# Who's Coming ?



## spool'n up 1.8t (Feb 21, 2003)

LET'S GET A LIST GOING !!!!!!!!



http://www.facebook.com/#!/profile.php?id=100002854089999


----------



## DB's dub (Apr 30, 2006)

I'll be there


----------



## popeye71 (Jun 10, 2004)

damn thats it i will be ther with a bunch of parts to sell


----------



## JusDub (May 19, 2010)

I'm going. I don't have a dub rite now but love vdubs to death. I live in NY. I've been to waterfest a few times. Just wondering if this event is large enough for me to take the trip out to NJ. Any input?


----------



## spool'n up 1.8t (Feb 21, 2003)

JusDub said:


> I'm going. I don't have a dub rite now but love vdubs to death. I live in NY. I've been to waterfest a few times. Just wondering if this event is large enough for me to take the trip out to NJ. Any input?

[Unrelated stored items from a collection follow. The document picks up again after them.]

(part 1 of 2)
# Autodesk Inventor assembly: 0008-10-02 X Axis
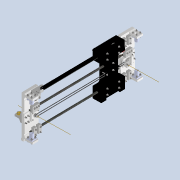
[picture p0: Inventor's stored thumbnail of the model, 180x180]
Saved by Autodesk Inventor 2020 (Build 240168000, 168)
## iProperties
Created: 2021-02-20
Part Number: 0008-10-02 X Axis
Document SubType Name: Assembly
Designer: Iulian Bors
Description: X axis
Author: Iulian Bors
Subject: 10-02
## Documents named in this file (36)
- Z:\I.A.B\Proiecte\0008 I.A.B 3D 2.1 Imprimanta aracet Metal\10 Mecanic\0008-10-02 X Axis.iam
- Z:\I.A.B\Proiecte\0008 I.A.B 3D 2.1 Imprimanta aracet Metal\10 Mecanic\0008-10-006 suport injectomat.ipt
- Z:\I.A.B\Proiecte\0008 I.A.B 3D 2.1 Imprimanta aracet Metal\10 Mecanic\0008-10-1009 LM10uu.ipt
- Z:\I.A.B\Proiecte\0008 I.A.B 3D 2.1 Imprimanta aracet Metal\10 Mecanic\0008-10-007 Contra suport injectomat.ipt
- Z:\I.A.B\Proiecte\0008 I.A.B 3D 2.1 Imprimanta aracet Metal\10 Mecanic\0008-10-008 X Axis suport.ipt
- Z:\I.A.B\Proiecte\0008 I.A.B 3D 2.1 Imprimanta aracet Metal\10 Mecanic\0008-10-1001 NEMA17 - Motor de passo.ipt
- Z:\I.A.B\Proiecte\0008 I.A.B 3D 2.1 Imprimanta aracet Metal\10 Mecanic\0008-10-1011 GT2 Timing Pulley 20 Tooth.ipt
- Z:\I.A.B\Proiecte\0008 I.A.B 3D 2.1 Imprimanta aracet Metal\10 Mecanic\0008-10-009 X Axis suport.ipt
- Z:\I.A.B\Proiecte\0008 I.A.B 3D 2.1 Imprimanta aracet Metal\10 Mecanic\0008-10-010 Fixare AxaX.ipt
- Z:\I.A.B\Proiecte\0008 I.A.B 3D 2.1 Imprimanta aracet Metal\10 Mecanic\0008-10-011 Fixare AxaX Mijloc.ipt
- Z:\I.A.B\Proiecte\0008 I.A.B 3D 2.1 Imprimanta aracet Metal\10 Mecanic\0008-10-012 Intinzator X.ipt
- Z:\I.A.B\Proiecte\0008 I.A.B 3D 2.1 Imprimanta aracet Metal\10 Mecanic\0008-10-1012 16T W6 B3 Without T_Shrinkwrap_1.ipt
- Z:\I.A.B\Proiecte\0008 I.A.B 3D 2.1 Imprimanta aracet Metal\10 Mecanic\0008-10-1013 LMK 10 Bearing.ipt
- Z:\I.A.B\Proiecte\0008 I.A.B 3D 2.1 Imprimanta aracet Metal\10 Mecanic\0008-10-013 Supăort Piulita Axa Z.ipt
- Z:\I.A.B\Proiecte\0008 I.A.B 3D 2.1 Imprimanta aracet Metal\10 Mecanic\0008-10-1004 Piulita.ipt
- Z:\I.A.B\Proiecte\0008 I.A.B 3D 2.1 Imprimanta aracet Metal\10 Mecanic\0008-10-1008 Bara 10_V1.ipt
- Z:\I.A.B\Proiecte\0008 I.A.B 3D 2.1 Imprimanta aracet Metal\20 Electric\0008-20-1003 Switch.ipt
- Z:\I.A.B\Proiecte\0008 I.A.B 3D 2.1 Imprimanta aracet Metal\10 Mecanic\0008-10-046 Fixare axa si port cablu.ipt
- Z:\I.A.B\Proiecte\0008 I.A.B 3D 2.1 Imprimanta aracet Metal\10 Mecanic\0008-10-2000 DIN 6912 - M4 x 25.ipt
- Z:\I.A.B\Proiecte\0008 I.A.B 3D 2.1 Imprimanta aracet Metal\10 Mecanic\0008-10-2002 DIN 125 - A 4.3.ipt
- Z:\I.A.B\Proiecte\0008 I.A.B 3D 2.1 Imprimanta aracet Metal\10 Mecanic\0008-10-2001 DIN 934 - M4 x 0.7.ipt
- Z:\I.A.B\Proiecte\0008 I.A.B 3D 2.1 Imprimanta aracet Metal\10 Mecanic\0008-10-2018 DIN 912 - M4 x 0.7 x 40.ipt
- Z:\I.A.B\Proiecte\0008 I.A.B 3D 2.1 Imprimanta aracet Metal\10 Mecanic\0008-10-2019 DIN 6912 - M4 x 50.ipt
- Z:\I.A.B\Proiecte\0008 I.A.B 3D 2.1 Imprimanta aracet Metal\10 Mecanic\0008-10-2003DIN 6912 - M4 x 35.ipt
- Z:\I.A.B\Proiecte\0008 I.A.B 3D 2.1 Imprimanta aracet Metal\10 Mecanic\0008-10-2006 DIN 7984 - M3 x 16.ipt
- Z:\I.A.B\Proiecte\0008 I.A.B 3D 2.1 Imprimanta aracet Metal\10 Mecanic\0008-10-2009 DIN 555-5 - M3.ipt
- Z:\I.A.B\Proiecte\0008 I.A.B 3D 2.1 Imprimanta aracet Metal\10 Mecanic\0008-10-2020 DIN 7991 - M3  x  16.ipt
- Z:\I.A.B\Proiecte\0008 I.A.B 3D 2.1 Imprimanta aracet Metal\10 Mecanic\0008-10-2005 DIN 125 - A 3.2.ipt
- Z:\I.A.B\Proiecte\0008 I.A.B 3D 2.1 Imprimanta aracet Metal\10 Mecanic\0008-10-2004 DIN 7984 - M3 x 20.ipt
- Z:\I.A.B\Proiecte\0008 I.A.B 3D 2.1 Imprimanta aracet Metal\10 Mecanic\0008-10-2021 DIN 7984 - M5 x 30.ipt
- Z:\I.A.B\Proiecte\0008 I.A.B 3D 2.1 Imprimanta aracet Metal\10 Mecanic\0008-10-2012 DIN 125 - A 5.3.ipt
- Z:\I.A.B\Proiecte\0008 I.A.B 3D 2.1 Imprimanta aracet Metal\10 Mecanic\0008-10-2022 DIN 934 - M5 x 0.8.ipt
- Z:\I.A.B\Proiecte\0008 I.A.B 3D 2.1 Imprimanta aracet Metal\10 Mecanic\0008-10-1023 Compress Spring11.ipt
- Z:\I.A.B\Proiecte\0008 I.A.B 3D 2.1 Imprimanta aracet Metal\10 Mecanic\Synchronous Belts Transmission1.iam
- Z:\I.A.B\Proiecte\0008 I.A.B 3D 2.1 Imprimanta aracet Metal\10 Mecanic\0008-10-1025 Wire chain.ipt
- Z:\I.A.B\Proiecte\0008 I.A.B 3D 2.1 Imprimanta aracet Metal\10 Mecanic\0008-10-04 Z axis_Shrinkwrap.ipt
## Components (326 placed, 35 different names)
1. 0008-10-006 suport injectomat.ipt:1 — Flush:3, Flush:4, Mate:8, Mate:9, Flush:5, Flush:6, Angle:2, Mate:17, Mate:23, Insert:178, Insert:197, Insert:198, Insert:199, Insert:200, Insert:201, Insert:202, Insert:212, Insert:213, Insert:214
2. 0008-10-1009 LM10uu.ipt:2 — Flush:1, Mate:5, Mate:8
3. 0008-10-1009 LM10uu.ipt:3 — Mate:5, Flush:121
4. 0008-10-1009 LM10uu.ipt:4 — Flush:4, Mate:6, Mate:9
5. 0008-10-1009 LM10uu.ipt:5 — Flush:3, Mate:6
6. 0008-10-007 Contra suport injectomat.ipt:6 — Flush:5, Flush:6, Mate:23, Flush:121, Flush:122, Insert:234, Insert:238, Mate:199, Flush:130, Insert:312, Insert:313, Flush:1
7. 0008-10-1008 Bara 10_V1.ipt:7
8. 0008-10-1008 Bara 10_V1.ipt:8 — Mate:188, Mate:189, Mate:191, Mate:192
9. 0008-10-009 X Axis suport.ipt:9 — Angle:2, Flush:10, Mate:21, Mate:22, Angle:3, Flush:26, Flush:27, Angle:4, Angle:5, Mate:26, Mate:27, Flush:32, Flush:34, Mate:38, Flush:36, Flush:37, Mate:164, Angle:28, Flush:127, Mate:194, Insert:49, Insert:50, Insert:51, Insert:52, Insert:140, Insert:141, Insert:142, Insert:143, Insert:156, Insert:157, Insert:158, Insert:159, Insert:172, Insert:173, Insert:174, Insert:289, Insert:290, Insert:291, Insert:292
10. 0008-10-008 X Axis suport.ipt:10 — Flush:10, Mate:21, Mate:30, Mate:31, Mate:33, Mate:34, Mate:35, Insert:21, Mate:172, Angle:25, Angle:29, Flush:128, Angle:30, Insert:65, Insert:66, Insert:67, Insert:68, Mate:196, Insert:91, Insert:98, Insert:99, Insert:109, Insert:110, Insert:111, Insert:124, Insert:125, Insert:126, Insert:127, Insert:302, Insert:303, Mate:197
11. 0008-10-1001 NEMA17 - Motor de passo.ipt:11 — Insert:1, Mate:22, Mate:26, Mate:27
12. 0008-10-1009 LM10uu.ipt:12 — Mate:17, Flush:122
13. 0008-10-1008 Bara 10_V1.ipt:13
14. 0008-10-1011 GT2 Timing Pulley 20 Tooth.ipt:14 — Insert:1, Flush:29, Flush:30, Angle:5
15. 0008-10-012 Intinzator X.ipt:15 — Flush:29, Insert:2, Angle:30, Insert:293, Insert:294
16. 0008-10-1012 16T W6 B3 Without T_Shrinkwrap_1.ipt:16 — Insert:2, Flush:30
17. 0008-10-1013 LMK 10 Bearing.ipt:17 — Mate:29, Angle:6, Mate:164
18. 0008-10-1013 LMK 10 Bearing.ipt:18 — Mate:33, Mate:34, Mate:35, Mate:202
19. 0008-10-1013 LMK 10 Bearing.ipt:19 — Mate:30, Mate:31, Angle:25, Insert:81, Insert:82, Insert:83, Insert:84
20. 0008-10-1013 LMK 10 Bearing.ipt:20 — Flush:32, Mate:29, Flush:34, Angle:6, Mate:194, Insert:23, Mate:195, Insert:35, Insert:36
21. 0008-10-046 Fixare axa si port cablu.ipt:21 — Angle:3, Flush:26, Insert:283, Insert:284, Insert:308, Insert:309, Mate:200, Flush:131, Flush:132
22. 0008-10-013 Supăort Piulita Axa Z.ipt:22 — Mate:38, Flush:36, Mate:39, Mate:40, Flush:37, Flush:38, Insert:218, Insert:228, Insert:229, Insert:230
23. 0008-10-1004 Piulita.ipt:23 — Mate:39, Mate:40, Flush:38, Insert:256, Insert:260, Insert:261, Insert:262
24. 0008-10-013 Supăort Piulita Axa Z.ipt:24 — Insert:21, Mate:172, Mate:173, Mate:174, Insert:251, Insert:252, Insert:253, Insert:254
25. 0008-10-1004 Piulita.ipt:25 — Mate:173, Mate:174, Insert:267, Insert:268, Insert:269, Insert:270, Mate:201
26. 0008-20-1003 Switch.ipt:28 — Mate:199, Flush:130, Insert:310, Insert:311
27. 0008-10-010 Fixare AxaX.ipt:29 — Mate:188, Angle:28, Flush:127, Mate:190
28. 0008-10-010 Fixare AxaX.ipt:30 — Mate:189, Mate:190
29. 0008-10-2020 DIN 7991 - M3  x  16.ipt:318 — Insert:309
30. 0008-10-2009 DIN 555-5 - M3.ipt:319
31. 0008-10-2005 DIN 125 - A 3.2.ipt:320
32. 0008-10-2020 DIN 7991 - M3  x  16.ipt:321 — Insert:308
33. 0008-10-2009 DIN 555-5 - M3.ipt:322
34. 0008-10-2005 DIN 125 - A 3.2.ipt:323
35. Synchronous Belts Transmission1.iam:324 [sub-assembly]
36. 0008-10-1025 Wire chain.ipt:325 — Mate:200, Flush:131, Flush:132
37. 0008-10-04 Z axis_Shrinkwrap.ipt:326 — Mate:201, Mate:202
38. 0008-10-2022 DIN 934 - M5 x 0.8.ipt:35 — Insert:295
39. 0008-10-2018 DIN 912 - M4 x 0.7 x 40.ipt:36 — Mate:198
40. 0008-10-2002 DIN 125 - A 4.3.ipt:37
41. 0008-10-2001 DIN 934 - M4 x 0.7.ipt:38
42. 0008-10-2002 DIN 125 - A 4.3.ipt:39 — Insert:302
43. 0008-10-2018 DIN 912 - M4 x 0.7 x 40.ipt:40
44. 0008-10-2002 DIN 125 - A 4.3.ipt:41
45. 0008-10-2001 DIN 934 - M4 x 0.7.ipt:42
46. 0008-10-2002 DIN 125 - A 4.3.ipt:43 — Insert:303
47. 0008-10-2003DIN 6912 - M4 x 35.ipt:44
48. 0008-10-2002 DIN 125 - A 4.3.ipt:45 — Insert:230
49. 0008-10-2002 DIN 125 - A 4.3.ipt:46
50. 0008-10-2001 DIN 934 - M4 x 0.7.ipt:47
51. 0008-10-2003DIN 6912 - M4 x 35.ipt:48
52. 0008-10-2002 DIN 125 - A 4.3.ipt:49 — Insert:229
53. 0008-10-2002 DIN 125 - A 4.3.ipt:50
54. 0008-10-2001 DIN 934 - M4 x 0.7.ipt:51
55. 0008-10-2003DIN 6912 - M4 x 35.ipt:52
56. 0008-10-2002 DIN 125 - A 4.3.ipt:53 — Insert:228
57. 0008-10-2002 DIN 125 - A 4.3.ipt:54
58. 0008-10-2001 DIN 934 - M4 x 0.7.ipt:55
59. 0008-10-2003DIN 6912 - M4 x 35.ipt:56
60. 0008-10-2002 DIN 125 - A 4.3.ipt:57 — Insert:234
61. 0008-10-2002 DIN 125 - A 4.3.ipt:58
62. 0008-10-2001 DIN 934 - M4 x 0.7.ipt:59
63. 0008-10-2003DIN 6912 - M4 x 35.ipt:60
64. 0008-10-2002 DIN 125 - A 4.3.ipt:61 — Insert:238
65. 0008-10-2002 DIN 125 - A 4.3.ipt:62
66. 0008-10-2001 DIN 934 - M4 x 0.7.ipt:63
67. 0008-10-2003DIN 6912 - M4 x 35.ipt:64
68. 0008-10-2002 DIN 125 - A 4.3.ipt:65 — Insert:253
69. 0008-10-2002 DIN 125 - A 4.3.ipt:66
70. 0008-10-2001 DIN 934 - M4 x 0.7.ipt:67
71. 0008-10-2003DIN 6912 - M4 x 35.ipt:68
72. 0008-10-2002 DIN 125 - A 4.3.ipt:69 — Insert:254
73. 0008-10-2002 DIN 125 - A 4.3.ipt:70
74. 0008-10-2001 DIN 934 - M4 x 0.7.ipt:71
75. 0008-10-2003DIN 6912 - M4 x 35.ipt:72
76. 0008-10-2002 DIN 125 - A 4.3.ipt:73 — Insert:252
77. 0008-10-2002 DIN 125 - A 4.3.ipt:74
78. 0008-10-2001 DIN 934 - M4 x 0.7.ipt:75
79. 0008-10-2003DIN 6912 - M4 x 35.ipt:76
80. 0008-10-2002 DIN 125 - A 4.3.ipt:77 — Insert:251
81. 0008-10-2002 DIN 125 - A 4.3.ipt:78
82. 0008-10-2001 DIN 934 - M4 x 0.7.ipt:79
83. 0008-10-2006 DIN 7984 - M3 x 16.ipt:80 — Insert:256
84. 0008-10-2009 DIN 555-5 - M3.ipt:81
85. 0008-10-2006 DIN 7984 - M3 x 16.ipt:82 — Insert:261
86. 0008-10-2009 DIN 555-5 - M3.ipt:83
87. 0008-10-2006 DIN 7984 - M3 x 16.ipt:84 — Insert:260
88. 0008-10-2009 DIN 555-5 - M3.ipt:85
89. 0008-10-2006 DIN 7984 - M3 x 16.ipt:86 — Insert:262
90. 0008-10-2009 DIN 555-5 - M3.ipt:87
91. 0008-10-2006 DIN 7984 - M3 x 16.ipt:88 — Insert:268
92. 0008-10-2009 DIN 555-5 - M3.ipt:89
93. 0008-10-2006 DIN 7984 - M3 x 16.ipt:90 — Insert:269
94. 0008-10-2009 DIN 555-5 - M3.ipt:91
95. 0008-10-2006 DIN 7984 - M3 x 16.ipt:92 — Insert:270
96. 0008-10-2009 DIN 555-5 - M3.ipt:93
97. 0008-10-2006 DIN 7984 - M3 x 16.ipt:94 — Insert:267
98. 0008-10-2009 DIN 555-5 - M3.ipt:95
99. 0008-10-2006 DIN 7984 - M3 x 16.ipt:96 — Insert:310
100. 0008-10-2006 DIN 7984 - M3 x 16.ipt:97 — Insert:311
101. 0008-10-2020 DIN 7991 - M3  x  16.ipt:98 — Insert:274, Insert:312
102. 0008-10-2009 DIN 555-5 - M3.ipt:99 — Insert:274
103. 0008-10-2005 DIN 125 - A 3.2.ipt:100
104. 0008-10-2020 DIN 7991 - M3  x  16.ipt:101 — Insert:313
105. 0008-10-2009 DIN 555-5 - M3.ipt:102
106. 0008-10-2005 DIN 125 - A 3.2.ipt:103
107. 0008-10-2020 DIN 7991 - M3  x  16.ipt:104 — Insert:283
108. 0008-10-2009 DIN 555-5 - M3.ipt:105
109. 0008-10-2005 DIN 125 - A 3.2.ipt:106
110. 0008-10-2020 DIN 7991 - M3  x  16.ipt:107 — Insert:284
111. 0008-10-2009 DIN 555-5 - M3.ipt:108
112. 0008-10-2005 DIN 125 - A 3.2.ipt:109
113. 0008-10-2004 DIN 7984 - M3 x 20.ipt:110 — Insert:285
114. 0008-10-2005 DIN 125 - A 3.2.ipt:111 — Insert:285, Insert:292
115. 0008-10-2004 DIN 7984 - M3 x 20.ipt:112
116. 0008-10-2005 DIN 125 - A 3.2.ipt:113 — Insert:291
117. 0008-10-2004 DIN 7984 - M3 x 20.ipt:114
118. 0008-10-2005 DIN 125 - A 3.2.ipt:115 — Insert:290
119. 0008-10-2004 DIN 7984 - M3 x 20.ipt:116
120. 0008-10-2005 DIN 125 - A 3.2.ipt:117 — Insert:289
121. 0008-10-2021 DIN 7984 - M5 x 30.ipt:118 — Insert:293
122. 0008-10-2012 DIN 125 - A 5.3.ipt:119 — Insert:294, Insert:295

its not as big as Waterfest but there is a good turn out of cars and there are lots of used parts for sale...


----------



## jDubz18T (Jun 10, 2011)

Bringin the one8 along


----------



## Volky Auto Dismantlers (Jun 30, 2007)

Im goingggg:thumbup:


----------



## dubin' (Feb 15, 2009)

i be there..but unfortunately not in my car =/


----------



## Vteckiller666 (Jan 12, 2012)

anyone tryin to roll up there in a pack in south jersey?? like 5 min from the ben franklin bridge... :thumbup:


----------



## 215Dubbin (Dec 15, 2011)

first time this year, hopefully a good one. :thumbup::thumbup:


----------



## PSU (May 15, 2004)

I might.


----------



## Volky Auto Dismantlers (Jun 30, 2007)

This will be my first show that I have entered/showed in over 15 years..:thumbup: 
Plus I love to buy MK2 parts here....:beer:


----------



## Ericc. (Sep 29, 2010)

only 30 minute drive, so of course ill be there :thumbup:


----------



## ih8erickempf (Apr 23, 2004)

def gonna be there :thumbup:


----------



## furr (Jul 3, 2009)

Ericc. said:


> only 30 minute drive, so of course ill be there :thumbup:


 same :thumbup:


----------



## krookymonster (Mar 15, 2010)

I'll be there! :thumbup::thumbup:


----------



## Mikey03Jetta18T (Jun 26, 2009)

I'll be there:beer:


----------



## wide_mk1 (Aug 13, 2007)

There flashing Unitronic for the day:thumbup:


----------



## 08jettas (Jul 2, 2008)

As always I will be there


----------



## Volky Auto Dismantlers (Jun 30, 2007)

Anyone cruising up from the Philly/SJersey area?


----------



## JusDub (May 19, 2010)

Is anyone rolling out from the Bronx/or any area close to the Bronx?


----------



## GLI Stee (Jul 27, 2010)

im going


----------



## GLI Stee (Jul 27, 2010)

South Jersey SnG meet link: http://forums.vwvortex.com/showthre...-Jersey-Toms-River-morning-meet-cruise-to-SnG 

All are welcome


----------



## LoudRidinDubber (May 25, 2006)

can't wait for this...weather's gonna be perfect too!


----------



## ParkeR32 (Mar 22, 2012)

ill be there, and itll be my first show im going to


----------



## Markg813 (Jul 20, 2010)

I'm going! 

Trying to Sell mk4 koni coilovers (without rear shocks) and nuespeed front away bar if anyone is interested. $600 takes them both! 


Sent from my iPhone


----------